Exercise directions
Beginning with the top line of the listing below, give again every line up to and including the line with "Its self-contained STEP"; pictures do not belong in the copy.

== Segment start ==

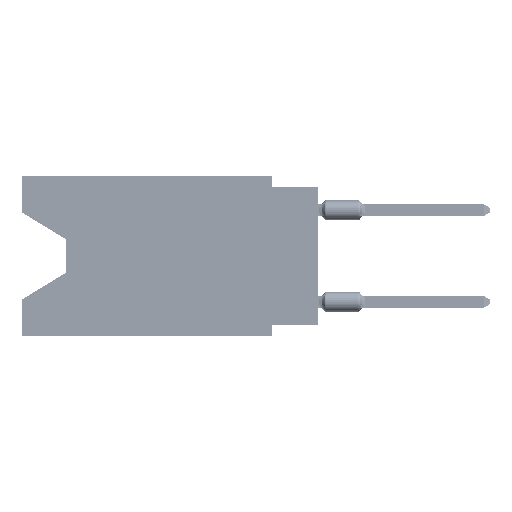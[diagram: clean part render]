
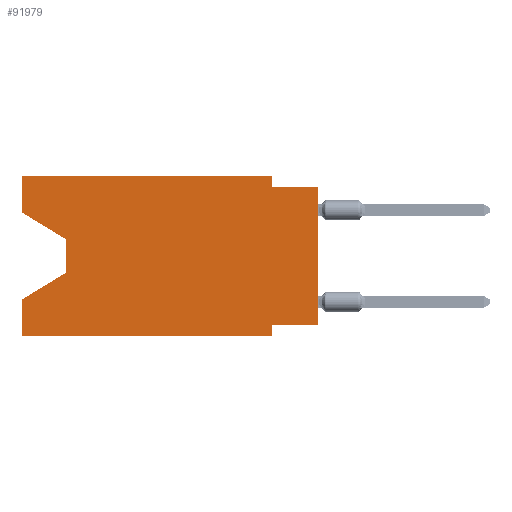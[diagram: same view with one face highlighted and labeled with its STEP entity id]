
A CAD part, left-side view. The second image highlights one B-rep face of the part: STEP entity #91979.
In plain terms, the highlighted planar face has unit normal (-1, 0, 0).
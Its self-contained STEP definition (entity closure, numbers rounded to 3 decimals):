
#958 = CARTESIAN_POINT ( 'NONE',  ( 0., 16.383, 0. ) ) ;
#1395 = CARTESIAN_POINT ( 'NONE',  ( 0., 0., -8.255 ) ) ;
#2293 = CARTESIAN_POINT ( 'NONE',  ( 0., 2.54, -8.255 ) ) ;
#3731 = VECTOR ( 'NONE', #18300, 1000. ) ;
#5170 = DIRECTION ( 'NONE',  ( 0., 0., -1. ) ) ;
#6794 = LINE ( 'NONE', #95808, #65284 ) ;
#6891 = ORIENTED_EDGE ( 'NONE', *, *, #81846, .F. ) ;
#7544 = ORIENTED_EDGE ( 'NONE', *, *, #54740, .F. ) ;
#7919 = VERTEX_POINT ( 'NONE', #63236 ) ;
#8227 = VECTOR ( 'NONE', #30159, 1000. ) ;
#8917 = DIRECTION ( 'NONE',  ( 1., 0., 0. ) ) ;
#9018 = VERTEX_POINT ( 'NONE', #33433 ) ;
#11385 = DIRECTION ( 'NONE',  ( 0., -1., 0. ) ) ;
#11416 = AXIS2_PLACEMENT_3D ( 'NONE', #958, #8917, #19308 ) ;
#14268 = VECTOR ( 'NONE', #11385, 1000. ) ;
#14874 = EDGE_CURVE ( 'NONE', #23390, #7919, #69684, .T. ) ;
#15424 = DIRECTION ( 'NONE',  ( 0., 0., -1. ) ) ;
#15783 = VERTEX_POINT ( 'NONE', #38008 ) ;
#16302 = DIRECTION ( 'NONE',  ( 0., 0., 1. ) ) ;
#17007 = CARTESIAN_POINT ( 'NONE',  ( 0., 0., -8.255 ) ) ;
#17174 = LINE ( 'NONE', #73331, #50519 ) ;
#18300 = DIRECTION ( 'NONE',  ( 0., 0.855, -0.519 ) ) ;
#19074 = VERTEX_POINT ( 'NONE', #31739 ) ;
#19308 = DIRECTION ( 'NONE',  ( 0., 0., -1. ) ) ;
#19700 = VERTEX_POINT ( 'NONE', #1395 ) ;
#20085 = DIRECTION ( 'NONE',  ( 0., 0., 1. ) ) ;
#21383 = VERTEX_POINT ( 'NONE', #95989 ) ;
#21588 = LINE ( 'NONE', #54424, #76970 ) ;
#22557 = ORIENTED_EDGE ( 'NONE', *, *, #27546, .F. ) ;
#23390 = VERTEX_POINT ( 'NONE', #102127 ) ;
#23671 = CARTESIAN_POINT ( 'NONE',  ( 0., 13.97, -3.505 ) ) ;
#26149 = ORIENTED_EDGE ( 'NONE', *, *, #54695, .T. ) ;
#27546 = EDGE_CURVE ( 'NONE', #15783, #52333, #17174, .T. ) ;
#29260 = ORIENTED_EDGE ( 'NONE', *, *, #103793, .T. ) ;
#29476 = EDGE_CURVE ( 'NONE', #19700, #68199, #48249, .T. ) ;
#29626 = CARTESIAN_POINT ( 'NONE',  ( 0., 16.383, -2.038 ) ) ;
#30159 = DIRECTION ( 'NONE',  ( 0., -0.855, -0.519 ) ) ;
#30325 = VERTEX_POINT ( 'NONE', #71341 ) ;
#31739 = CARTESIAN_POINT ( 'NONE',  ( 0., 16.383, 0. ) ) ;
#33093 = EDGE_CURVE ( 'NONE', #64137, #21383, #91920, .T. ) ;
#33433 = CARTESIAN_POINT ( 'NONE',  ( 0., 13.97, -3.505 ) ) ;
#34741 = VECTOR ( 'NONE', #15424, 1000. ) ;
#35118 = EDGE_LOOP ( 'NONE', ( #29260, #26149, #46805, #54582, #59864, #80686, #50545, #44636, #22557, #6891, #7544, #101548 ) ) ;
#38008 = CARTESIAN_POINT ( 'NONE',  ( 0., 2.54, -0.635 ) ) ;
#39265 = LINE ( 'NONE', #88049, #34741 ) ;
#42399 = LINE ( 'NONE', #74216, #63876 ) ;
#42890 = CARTESIAN_POINT ( 'NONE',  ( 0., 0., 0. ) ) ;
#44231 = CARTESIAN_POINT ( 'NONE',  ( 0., 16.383, -8.89 ) ) ;
#44636 = ORIENTED_EDGE ( 'NONE', *, *, #47515, .T. ) ;
#46347 = DIRECTION ( 'NONE',  ( 0., -1., 0. ) ) ;
#46398 = VECTOR ( 'NONE', #48016, 1000. ) ;
#46805 = ORIENTED_EDGE ( 'NONE', *, *, #33093, .T. ) ;
#47515 = EDGE_CURVE ( 'NONE', #19700, #52333, #91659, .T. ) ;
#48016 = DIRECTION ( 'NONE',  ( 0., 0., -1. ) ) ;
#48249 = LINE ( 'NONE', #17007, #76144 ) ;
#49581 = CARTESIAN_POINT ( 'NONE',  ( 0., 16.383, 0. ) ) ;
#50519 = VECTOR ( 'NONE', #81316, 1000. ) ;
#50545 = ORIENTED_EDGE ( 'NONE', *, *, #29476, .F. ) ;
#52333 = VERTEX_POINT ( 'NONE', #56983 ) ;
#54424 = CARTESIAN_POINT ( 'NONE',  ( 0., 2.54, -8.89 ) ) ;
#54582 = ORIENTED_EDGE ( 'NONE', *, *, #59371, .F. ) ;
#54695 = EDGE_CURVE ( 'NONE', #9018, #64137, #96273, .T. ) ;
#54740 = EDGE_CURVE ( 'NONE', #19074, #30325, #89895, .T. ) ;
#56983 = CARTESIAN_POINT ( 'NONE',  ( 0., 0., -0.635 ) ) ;
#59371 = EDGE_CURVE ( 'NONE', #23390, #21383, #42399, .T. ) ;
#59864 = ORIENTED_EDGE ( 'NONE', *, *, #14874, .T. ) ;
#63236 = CARTESIAN_POINT ( 'NONE',  ( 0., 2.54, -8.89 ) ) ;
#63876 = VECTOR ( 'NONE', #98091, 1000. ) ;
#64137 = VERTEX_POINT ( 'NONE', #82517 ) ;
#65233 = DIRECTION ( 'NONE',  ( 0., 1., 0. ) ) ;
#65284 = VECTOR ( 'NONE', #16302, 1000. ) ;
#67381 = VERTEX_POINT ( 'NONE', #78459 ) ;
#68199 = VERTEX_POINT ( 'NONE', #2293 ) ;
#69684 = LINE ( 'NONE', #44231, #96675 ) ;
#70447 = LINE ( 'NONE', #29626, #8227 ) ;
#71341 = CARTESIAN_POINT ( 'NONE',  ( 0., 2.54, 0. ) ) ;
#73331 = CARTESIAN_POINT ( 'NONE',  ( 0., 0., -0.635 ) ) ;
#73543 = PLANE ( 'NONE',  #11416 ) ;
#74216 = CARTESIAN_POINT ( 'NONE',  ( 0., 16.383, 0. ) ) ;
#75554 = VECTOR ( 'NONE', #20085, 1000. ) ;
#76008 = FACE_OUTER_BOUND ( 'NONE', #35118, .T. ) ;
#76144 = VECTOR ( 'NONE', #65233, 1000. ) ;
#76970 = VECTOR ( 'NONE', #5170, 1000. ) ;
#78459 = CARTESIAN_POINT ( 'NONE',  ( 0., 16.383, -2.038 ) ) ;
#80686 = ORIENTED_EDGE ( 'NONE', *, *, #97781, .F. ) ;
#81316 = DIRECTION ( 'NONE',  ( 0., -1., 0. ) ) ;
#81846 = EDGE_CURVE ( 'NONE', #30325, #15783, #39265, .T. ) ;
#82517 = CARTESIAN_POINT ( 'NONE',  ( 0., 13.97, -5.385 ) ) ;
#88049 = CARTESIAN_POINT ( 'NONE',  ( 0., 2.54, 0. ) ) ;
#89895 = LINE ( 'NONE', #49581, #14268 ) ;
#91659 = LINE ( 'NONE', #42890, #75554 ) ;
#91920 = LINE ( 'NONE', #98845, #3731 ) ;
#91979 = ADVANCED_FACE ( 'NONE', ( #76008 ), #73543, .F. ) ;
#95808 = CARTESIAN_POINT ( 'NONE',  ( 0., 16.383, 0. ) ) ;
#95989 = CARTESIAN_POINT ( 'NONE',  ( 0., 16.383, -6.852 ) ) ;
#96273 = LINE ( 'NONE', #23671, #46398 ) ;
#96675 = VECTOR ( 'NONE', #46347, 1000. ) ;
#97781 = EDGE_CURVE ( 'NONE', #68199, #7919, #21588, .T. ) ;
#98091 = DIRECTION ( 'NONE',  ( 0., 0., 1. ) ) ;
#98733 = EDGE_CURVE ( 'NONE', #67381, #19074, #6794, .T. ) ;
#98845 = CARTESIAN_POINT ( 'NONE',  ( 0., 13.97, -5.385 ) ) ;
#101548 = ORIENTED_EDGE ( 'NONE', *, *, #98733, .F. ) ;
#102127 = CARTESIAN_POINT ( 'NONE',  ( 0., 16.383, -8.89 ) ) ;
#103793 = EDGE_CURVE ( 'NONE', #67381, #9018, #70447, .T. ) ;

== Segment end ==

Reply
[diagram: clean part render]
[diagram: same view with one face highlighted and labeled with its STEP entity id]
A CAD part, left-side view. The second image highlights one B-rep face of the part: STEP entity #91979.
In plain terms, the highlighted planar face has unit normal (-1, 0, 0).
Its self-contained STEP definition (entity closure, numbers rounded to 3 decimals):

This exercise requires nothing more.